# MichCal #2 Shay Goes Naked



## Dave Hottmann (Jan 2, 2008)

I never liked the MichCal #2 cab very much, even considered selling it and getting an open cab Shay. Instead I removed the cab and installed a Mogul roof with a "U" bracket that attaches to the boiler. I also installed Poplar decking. Years ago I got rid of the oil bunker and installed an Ida stack.


----------



## weaverc (Jan 2, 2008)

Dave,
Very nice conversion. I like it a lot.
What did you use for the fence to keep the wood in place?


----------



## RimfireJim (Mar 25, 2009)

Interesting changes, Dave. It's funny how different folk's tastes can be - I'm just the opposite: I don't care for the open cab and was happy to recently find a closed cab M-C #2 and I'm definitely keeping the oil bunker and straight stack. 

I have a copy of "Pino Grande - Logging Railroads of the Michagan-California Lumber Co." by R. S. Polkinghorn. There is a picture in there of #2 with a cab it had before the one used on the Accucraft model. Now _that _was an unattractive cab! (But not as bad as the shop-built one on their Porter - downright ugly.)


Jim


----------



## Jerry Barnes (Jan 2, 2008)

I'm with you Dave, like the open cab a LOT better, someone should do that to the 3 cylinder also, I really don't care for it's looks at all.


----------



## Jerry Barnes (Jan 2, 2008)

Sorry about the double post, site seems real slow today.
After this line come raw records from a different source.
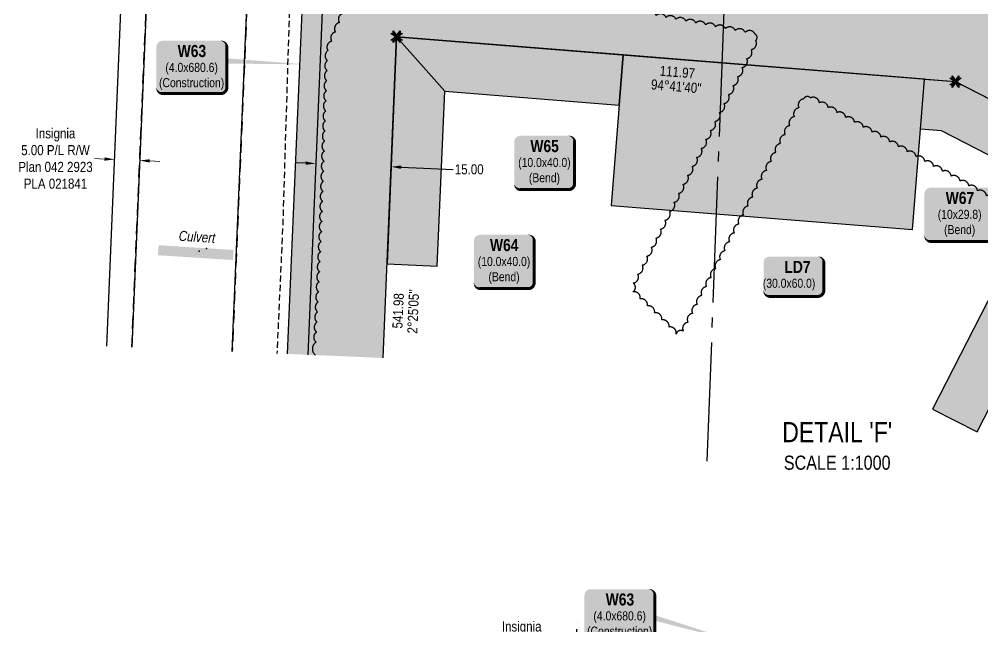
# Model space of a CAD drawing. Extents: x 333858 to 342713, y 6154085 to 6163590.
# Drawn here: x 335707 to 336665, y 6159554 to 6160158 of the extents above; entities that cross this region are included whole.
import ezdxf
from ezdxf.enums import TextEntityAlignment as Align

# ---------------------------------------------------------------- set-up
doc = ezdxf.new("R2010")
doc.units = 0
doc.header["$LTSCALE"] = 5
doc.header["$PDSIZE"] = 0.5
for name, pattern in [('0', [1, 1, 0]), ('foc-ACCESSROAD', [3.75, 2.5, -1.25]), ('foc-QUARTERLINE', [33, 25, -3, 2, -3]), ('UG_PIPE', [1.875, 1.25, -0.625])]:
    doc.linetypes.add(name, pattern=pattern)
doc.layers.get('Defpoints').update_dxf_attribs({"color": 9})
for name, color, linetype, lineweight in [('AS-GENERAL', 48, 'Continuous', 18), ('F-AR-T', 190, 'Continuous', 9), ('F-RW-T', 190, 'Continuous', 9), ('T-TEXT', 48, 'Continuous', 18)]:
    doc.layers.add(name, color=color, linetype=linetype, lineweight=lineweight)
for name, color, linetype in [('AS-PIPE-UG', 44, 'UG_PIPE'), ('DETAIL-T', 7, 'Continuous'), ('F-AR', 190, 'foc-ACCESSROAD'), ('F-RW', 190, 'Continuous'), ('Field_Culvert', 7, 'Continuous'), ('L-BD1', 253, 'Continuous'), ('L-MON', 1, 'Continuous'), ('L-QSEC', 8, 'foc-QUARTERLINE'), ('P-PROPOSED', 10, 'Continuous'), ('P-PROPOSED-H', 21, 'Continuous'), ('P-TEMP-BLOCKS', 250, 'Continuous'), ('P-TEMP-BLUE', 146, 'Continuous'), ('P-TXT', 4, 'Continuous'), ('P-WORKAREA', 113, 'Continuous'), ('P-WORKAREA-H', 111, 'Continuous'), ('T-BUSH', 110, '0')]:
    doc.layers.add(name, color=color, linetype=linetype)
doc.layers.add('P-TEMP-BLUE-H', color=7, linetype='Continuous', true_color=0x99e6ff)
doc.styles.add('80', font='ARIALN.TTF', dxfattribs={"height": 10})
doc.styles.add('80CG', font='ARIALN.TTF', dxfattribs={"height": 10})
doc.styles.add('80L', font='ARIALN.TTF', dxfattribs={"height": 10})
doc.styles.add('BOLD', font='ARIALNB.TTF')
doc.styles.get("Standard").update_dxf_attribs({"font": 'ARIALN.TTF'})
doc.dimstyles.new('Compass 5 000', dxfattribs={"dimscale": 5, "dimtxt": 9, "dimasz": 2, "dimexe": 0.2, "dimexo": 0.0625, "dimgap": 0.5, "dimtad": 0, "dimtih": 1, "dimtoh": 1, "dimzin": 0, "dimdsep": 46, "dimtxsty": '80CG', "dimcen": 0.1, "dimse1": 1, "dimse2": 1, "dimclrd": 256, "dimclrt": 256, "dimaunit": 1, "dimadec": 4, "dimazin": 0, "dimtfac": 0.06, "dimtofl": 0, "dimtmove": 0, "dimatfit": 1, "dimfxl": 0.2, "dimtolj": 1, "dimtzin": 0, "dimlwd": -1, "dimarcsym": 0})

# ---------------------------------------------------------------- blocks, each defined once
blk = doc.blocks.new('*U492')
at = {"true_color": 0x99e6ff}
h = blk.add_hatch(color=141, dxfattribs=at)
edge = h.paths.add_edge_path()
edge.add_line((-29, -34.95), (29, -34.95))
edge.add_arc((29, -28.95), 6, 270, 360)
edge.add_line((35, -28.95), (35, 12.5))
edge.add_arc((29, 12.5), 6, 0, 90)
edge.add_line((29, 18.5), (-29, 18.5))
edge.add_arc((-29, 12.5), 6, 90, 180)
edge.add_line((-35, 12.5), (-35, -28.95))
edge.add_arc((-29, -28.95), 6, 180, 270)
at = {"color": 250, "flags": 128}
blk.add_lwpolyline([(-29, -34.95, 3, 3, 0), (29, -34.95, 3, 3, 0.414214), (35, -28.95, 3, 3, 0), (35, 12.5, 3, 0, 0.414214), (29, 18.5, 0, 0, 0), (-29, 18.5, 0, 0, 0.414214), (-35, 12.5, 0, 0, 0), (-35, -28.95, 0, 3, 0.414214)], format="xyseb", close=True, dxfattribs=at)
at = {"flags": 128}
blk.add_lwpolyline([(-24.24, -18.7, 0, 7.5, 0), (0, 0, 0, 0, 0)], format="xyseb", dxfattribs=at)
at = {"color": 250}
for tag, p, height, style in [('TEMP_AREA_W1_001', (-9.21, 2.24), 12, 'BOLD'), ('ENTER_TEXT_001', (-30.66, -12.47), 9, '80')]:
    blk.add_attdef(tag, p, '', height=height, dxfattribs=dict(at, style=style))
blk = doc.blocks.new('*D540')
at = {"layer": 'Defpoints', "color": 0, "transparency": 16777216}
for p in [(336360.66, 6159532.67), (336251.17, 6159309.77), (336351.07, 6159305.55)]:
    blk.add_point(p, dxfattribs=at)
at = {"layer": 'F-AR-T', "transparency": 16777216}
for p, q in [((336250.78, 6159537.31), (336240.79, 6159537.74)), ((336370.65, 6159532.25), (336380.64, 6159531.83))]:
    blk.add_line(p, q, dxfattribs=at)
for points in [[(336250.85, 6159538.98), (336250.71, 6159535.65), (336260.77, 6159536.89)], [(336370.72, 6159533.92), (336370.58, 6159530.59), (336360.66, 6159532.67)]]:
    blk.add_solid(points, dxfattribs=at)
at = {"layer": 'F-AR-T', "transparency": 16777216, "insert": (336206.52, 6159537.74), "char_height": 10, "attachment_point": 5, "style": '80CG'}
blk.add_mtext('\\A1;Insignia\\P20.00 A/R\\PLOC 021092', dxfattribs=at)
blk = doc.blocks.new('*U545')
h = blk.add_hatch(color=111)
edge = h.paths.add_edge_path()
edge.add_line((-29, -33.96), (29, -33.96))
edge.add_arc((29, -27.96), 6, 270, 360)
edge.add_line((35, -27.96), (35, 12.5))
edge.add_arc((29, 12.5), 6, 0, 90)
edge.add_line((29, 18.5), (-29, 18.5))
edge.add_arc((-29, 12.5), 6, 90, 180)
edge.add_line((-35, 12.5), (-35, -27.96))
edge.add_arc((-29, -27.96), 6, 180, 270)
at = {"color": 250, "flags": 128}
blk.add_lwpolyline([(-29, -33.96, 3, 3, 0), (29, -33.96, 3, 3, 0.414214), (35, -27.96, 3, 3, 0), (35, 12.5, 3, 0, 0.414214), (29, 18.5, 0, 0, 0), (-29, 18.5, 0, 0, 0.414214), (-35, 12.5, 0, 0, 0), (-35, -27.96, 0, 3, 0.414214)], format="xyseb", close=True, dxfattribs=at)
at = {"flags": 128}
blk.add_lwpolyline([(118.13, -34.08, 0, 7.5, 0), (0, 0, 0, 0, 0)], format="xyseb", dxfattribs=at)
at = {"color": 250}
for tag, p, height, style in [('TEMP_AREA_W1_001', (-9.21, 2.24), 12, 'BOLD'), ('ENTER_TEXT_001', (-30.66, -12.47), 9, '80')]:
    blk.add_attdef(tag, p, '', height=height, dxfattribs=dict(at, style=style))
blk = doc.blocks.new('*D548')
at = {"layer": 'Defpoints', "color": 0, "transparency": 16777216}
for p in [(335937.22, 6160261.11), (335821.62, 6159893.63), (335921.52, 6159889.42)]:
    blk.add_point(p, dxfattribs=at)
at = {"layer": 'F-AR-T', "transparency": 16777216}
for p, q in [((335827.33, 6160265.75), (335790.29, 6160267.31)), ((335947.21, 6160260.68), (335957.2, 6160260.26))]:
    blk.add_line(p, q, dxfattribs=at)
for points in [[(335827.4, 6160267.41), (335827.26, 6160264.08), (335837.32, 6160265.32)], [(335947.28, 6160262.35), (335947.14, 6160259.02), (335937.22, 6160261.11)]]:
    blk.add_solid(points, dxfattribs=at)
at = {"layer": 'F-AR-T', "transparency": 16777216, "insert": (335756.02, 6160267.31), "char_height": 10, "attachment_point": 5, "style": '80CG'}
blk.add_mtext('\\A1;Insignia\\P20.00 A/R\\PLOC 021092', dxfattribs=at)
blk = doc.blocks.new('*D547')
at = {"layer": 'Defpoints', "color": 0, "transparency": 16777216}
for p in [(335826.86, 6160017.47), (335781.91, 6159545.59), (335806.88, 6159544.53)]:
    blk.add_point(p, dxfattribs=at)
at = {"layer": 'F-RW-T', "transparency": 16777216}
for p, q in [((335791.89, 6160018.95), (335781.9, 6160019.37)), ((335836.85, 6160017.05), (335846.84, 6160016.63))]:
    blk.add_line(p, q, dxfattribs=at)
for points in [[(335791.96, 6160020.61), (335791.82, 6160017.28), (335801.88, 6160018.53)], [(335836.92, 6160018.72), (335836.78, 6160015.39), (335826.86, 6160017.47)]]:
    blk.add_solid(points, dxfattribs=at)
at = {"layer": 'F-RW-T', "transparency": 16777216, "insert": (335743.17, 6160019.37), "char_height": 10, "attachment_point": 5, "style": '80CG'}
blk.add_mtext('\\A1;Insignia\\P5.00 P/L R/W\\PPlan 042 2923\\PPLA 021841', dxfattribs=at)
blk = doc.blocks.new('TEMP')
h = blk.add_hatch(color=255)
h.dxf.hatch_style = 1
h.paths.add_polyline_path([(0, 0.25), (-0.67, 1.15), (-0.67, 0.67), (-1.15, 0.67), (-0.25, 0), (-1.15, -0.67), (-0.67, -0.67), (-0.67, -1.15), (0, -0.25), (0.67, -1.15), (0.67, -0.67), (1.15, -0.67), (0.25, 0), (1.15, 0.67), (0.67, 0.67), (0.67, 1.15)])
h.paths.add_polyline_path([(0.57, 0.85), (0.57, 0.57), (0.85, 0.57), (0.08, 0), (0.85, -0.57), (0.57, -0.57), (0.57, -0.85), (0, -0.08), (-0.57, -0.85), (-0.57, -0.57), (-0.85, -0.57), (-0.08, 0), (-0.85, 0.57), (-0.57, 0.57), (-0.57, 0.85), (0, 0.08)], flags=16)
h = blk.add_hatch(color=1)
h.dxf.hatch_style = 1
h.paths.add_polyline_path([(0, 0.08), (-0.57, 0.85), (-0.57, 0.57), (-0.85, 0.57), (-0.08, 0), (-0.85, -0.57), (-0.57, -0.57), (-0.57, -0.85), (0, -0.08), (0.57, -0.85), (0.57, -0.57), (0.85, -0.57), (0.08, 0), (0.85, 0.57), (0.57, 0.57), (0.57, 0.85)])
at = {"color": 1}
for p, q in [((-0.08, 0), (0.08, 0)), ((0, 0.08), (0, -0.08))]:
    blk.add_line(p, q, dxfattribs=at)
at = {"color": 255, "flags": 128}
blk.add_lwpolyline([(-0.25, 0), (-1.15, 0.67), (-0.67, 0.67), (-0.67, 1.15), (0, 0.25), (0.67, 1.15), (0.67, 0.67), (1.15, 0.67), (0.25, 0), (1.15, -0.67), (0.67, -0.67), (0.67, -1.15), (0, -0.25), (-0.67, -1.15), (-0.67, -0.67), (-1.15, -0.67)], close=True, dxfattribs=at)
at = {"color": 1, "flags": 128}
blk.add_lwpolyline([(-0.08, 0), (-0.85, 0.57), (-0.57, 0.57), (-0.57, 0.85), (0, 0.08), (0.57, 0.85), (0.57, 0.57), (0.85, 0.57), (0.08, 0), (0.85, -0.57), (0.57, -0.57), (0.57, -0.85), (0, -0.08), (-0.57, -0.85), (-0.57, -0.57), (-0.85, -0.57)], close=True, dxfattribs=at)
blk = doc.blocks.new('*U500')
at = {"true_color": 0x99e6ff}
h = blk.add_hatch(color=141, dxfattribs=at)
edge = h.paths.add_edge_path()
edge.add_line((-24, -21.07), (24, -21.07))
edge.add_arc((24, -15.07), 6, 270, 360)
edge.add_line((30, -15.07), (30, 12.5))
edge.add_arc((24, 12.5), 6, 0, 90)
edge.add_line((24, 18.5), (-24, 18.5))
edge.add_arc((-24, 12.5), 6, 90, 180)
edge.add_line((-30, 12.5), (-30, -15.07))
edge.add_arc((-24, -15.07), 6, 180, 270)
at = {"color": 250, "flags": 128}
blk.add_lwpolyline([(-24, -21.07, 3, 3, 0), (24, -21.07, 3, 3, 0.414214), (30, -15.07, 3, 3, 0), (30, 12.5, 3, 0, 0.414214), (24, 18.5, 0, 0, 0), (-24, 18.5, 0, 0, 0.414214), (-30, 12.5, 0, 0, 0), (-30, -15.07, 0, 3, 0.414214)], format="xyseb", close=True, dxfattribs=at)
at = {"flags": 128}
blk.add_lwpolyline([(-24.24, -18.7, 0, 7.5, 0), (0, 0, 0, 0, 0)], format="xyseb", dxfattribs=at)
at = {"color": 250}
for tag, p, height, style in [('TEMP_AREA_W1_001', (-9.21, 2.24), 12, 'BOLD'), ('ENTER_TEXT_001', (-30.66, -12.47), 9, '80')]:
    blk.add_attdef(tag, p, '', height=height, dxfattribs=dict(at, style=style))
blk = doc.blocks.new('*U493')
at = {"true_color": 0x99e6ff}
h = blk.add_hatch(color=141, dxfattribs=at)
edge = h.paths.add_edge_path()
edge.add_line((-24, -34.95), (24, -34.95))
edge.add_arc((24, -28.95), 6, 270, 360)
edge.add_line((30, -28.95), (30, 12.5))
edge.add_arc((24, 12.5), 6, 0, 90)
edge.add_line((24, 18.5), (-24, 18.5))
edge.add_arc((-24, 12.5), 6, 90, 180)
edge.add_line((-30, 12.5), (-30, -28.95))
edge.add_arc((-24, -28.95), 6, 180, 270)
at = {"color": 250, "flags": 128}
blk.add_lwpolyline([(-24, -34.95, 3, 3, 0), (24, -34.95, 3, 3, 0.414214), (30, -28.95, 3, 3, 0), (30, 12.5, 3, 0, 0.414214), (24, 18.5, 0, 0, 0), (-24, 18.5, 0, 0, 0.414214), (-30, 12.5, 0, 0, 0), (-30, -28.95, 0, 3, 0.414214)], format="xyseb", close=True, dxfattribs=at)
at = {"flags": 128}
blk.add_lwpolyline([(-24.24, -18.7, 0, 7.5, 0), (0, 0, 0, 0, 0)], format="xyseb", dxfattribs=at)
at = {"color": 250}
for tag, p, height, style in [('TEMP_AREA_W1_001', (-9.21, 2.24), 12, 'BOLD'), ('ENTER_TEXT_001', (-30.66, -12.47), 9, '80')]:
    blk.add_attdef(tag, p, '', height=height, dxfattribs=dict(at, style=style))
blk = doc.blocks.new('*U551')
h = blk.add_hatch(color=111)
edge = h.paths.add_edge_path()
edge.add_line((-29, -33.96), (29, -33.96))
edge.add_arc((29, -27.96), 6, 270, 360)
edge.add_line((35, -27.96), (35, 12.5))
edge.add_arc((29, 12.5), 6, 0, 90)
edge.add_line((29, 18.5), (-29, 18.5))
edge.add_arc((-29, 12.5), 6, 90, 180)
edge.add_line((-35, 12.5), (-35, -27.96))
edge.add_arc((-29, -27.96), 6, 180, 270)
at = {"color": 250, "flags": 128}
blk.add_lwpolyline([(-29, -33.96, 3, 3, 0), (29, -33.96, 3, 3, 0.414214), (35, -27.96, 3, 3, 0), (35, 12.5, 3, 0, 0.414214), (29, 18.5, 0, 0, 0), (-29, 18.5, 0, 0, 0.414214), (-35, 12.5, 0, 0, 0), (-35, -27.96, 0, 3, 0.414214)], format="xyseb", close=True, dxfattribs=at)
at = {"flags": 128}
blk.add_lwpolyline([(112.99, -4.96, 0, 7.5, 0), (0, 0, 0, 0, 0)], format="xyseb", dxfattribs=at)
at = {"color": 250}
for tag, p, height, style in [('TEMP_AREA_W1_001', (-9.21, 2.24), 12, 'BOLD'), ('ENTER_TEXT_001', (-30.66, -12.47), 9, '80')]:
    blk.add_attdef(tag, p, '', height=height, dxfattribs=dict(at, style=style))
blk = doc.blocks.new('*D667')
at = {"layer": 'Defpoints', "color": 0, "transparency": 16777216}
for p in [(336076.77, 6160011.23), (336000.16, 6159974.49), (336075.08, 6159971.33)]:
    blk.add_point(p, dxfattribs=at)
at = {"layer": 'P-TXT', "transparency": 16777216}
for p, q in [((335991.86, 6160014.81), (335981.86, 6160015.24)), ((336086.76, 6160010.81), (336138.44, 6160008.62))]:
    blk.add_line(p, q, dxfattribs=at)
for points in [[(335991.93, 6160016.48), (335991.79, 6160013.15), (336001.85, 6160014.39)], [(336086.83, 6160012.47), (336086.69, 6160009.14), (336076.77, 6160011.23)]]:
    blk.add_solid(points, dxfattribs=at)
at = {"layer": 'P-TXT', "transparency": 16777216, "insert": (336154.38, 6160008.62), "char_height": 10, "attachment_point": 5, "style": '80CG'}
blk.add_mtext('\\A1;15.00', dxfattribs=at)

msp = doc.modelspace()

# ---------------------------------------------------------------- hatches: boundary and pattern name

Anyone else notice that?


----------



## Kurt Sykes (Feb 28, 2008)

Great job Dave,
I have always loved how you think out of the box.

Kurt


----------



## HMeinhold (Jan 2, 2008)

Dave, 
to make my open cab Shay really open cab, I made a new fuel tank and moved it to the back. I also build a smaller lubricator. Now the cab is less cluttered and truly "open". 
Regards


----------



## Garry Paine (Jan 2, 2008)

Dave, 

Love the look! It may inspire me to do mine. 

And just think, I can tell my wife I need a mogul roof, buy a mogul, and then explain the packaging... 

Garrett


----------



## Dave Hottmann (Jan 2, 2008)

Carl,

The fence is K&S sheet that is cut into 2.5mm strips and soft soldered together. It was a royal pain but worth it in the end.



Here's a picture before the wood decking.


----------



## cabforward (Feb 18, 2008)

Dave 
what thickness is the poplar that you used? 
Did you mill it yourself or buy it in the strips? 
Thanks 
matt


----------



## Mark Scrivener (Jan 7, 2008)

And what did you put under the wood decking? I've been toying with the idea of installing wood decking, but was concerned it might be to fragile unless I made it way to thick or put something under it.


----------



## Dave Hottmann (Jan 2, 2008)

Matt and Mark, 

The decking planks are .375" X .070". These were scrap pieces left over from making a 1:24 circus train. I cut 1X6 poplar boards from Home Depot on a table saw with an 80 tooth blade. On the naked Shay I stained the poplar with a dark mahogony stain and sealed it with boiled linseed oil. The decking has no support under it except for where it is bolted to the cross members with 2-56 brass bolts. The steps on the sides are a little weak where they bolt to the decking.


----------



## Mark Scrivener (Jan 7, 2008)

Thanks Dave! Wood decking has been on my to do list for some time. Might have to cut some wood this weekend...


----------



## weaverc (Jan 2, 2008)

Dave,
I couldn't help myself. Like you, I did not like the oil tank and had planned on somehow converting to a coal bunker. But when I saw your wood burner, I had to have one. I finished the conversion in about 4 hours including painting. 

It turns out that I had a left over fence from a Roundhouse William tender kit and cut it and resoldered it to size. I raised the water filler tube and cap to be level with the top of the fence. I decided to keep the rear light on mine since it was already wired to work in reverse. I had to fabricate a brass stand and mount for it. I have yet to locate a wood burning balloon stack, but am hot on the trail. That's next. I may keep the wooden cab I have and not go bare, but I haven't decided on that yet. So far, I like it as it is except for the stack.


----------



## Steve Shyvers (Jan 2, 2008)

For a wood-burning balloon stack how about making one from a brass doorknob?. It may be hard to claim absolute adherence to a prototype, but on the other hand there were dozens of patented stacks available way back when. Then, too, the company's own shop might have made something from materials on hand. 

Steve


----------



## Dave Hottmann (Jan 2, 2008)

My brass door knobs are a bit too big. Who knows, maybe there is a cabinet knob out there that's waiting to become a stack.


----------



## Dwight Ennis (Jan 2, 2008)

Carl - Accucraft had a bunch of Radley-Hunter stacks made up to replace the faulty ones on the NCNG 4-4-0's. You might give Cliff a call... maybe they'll sell you one.


----------



## weaverc (Jan 2, 2008)

Dwight,
Thanks. Cliff was able to find a diamond stack for me. I've ordered it already.


----------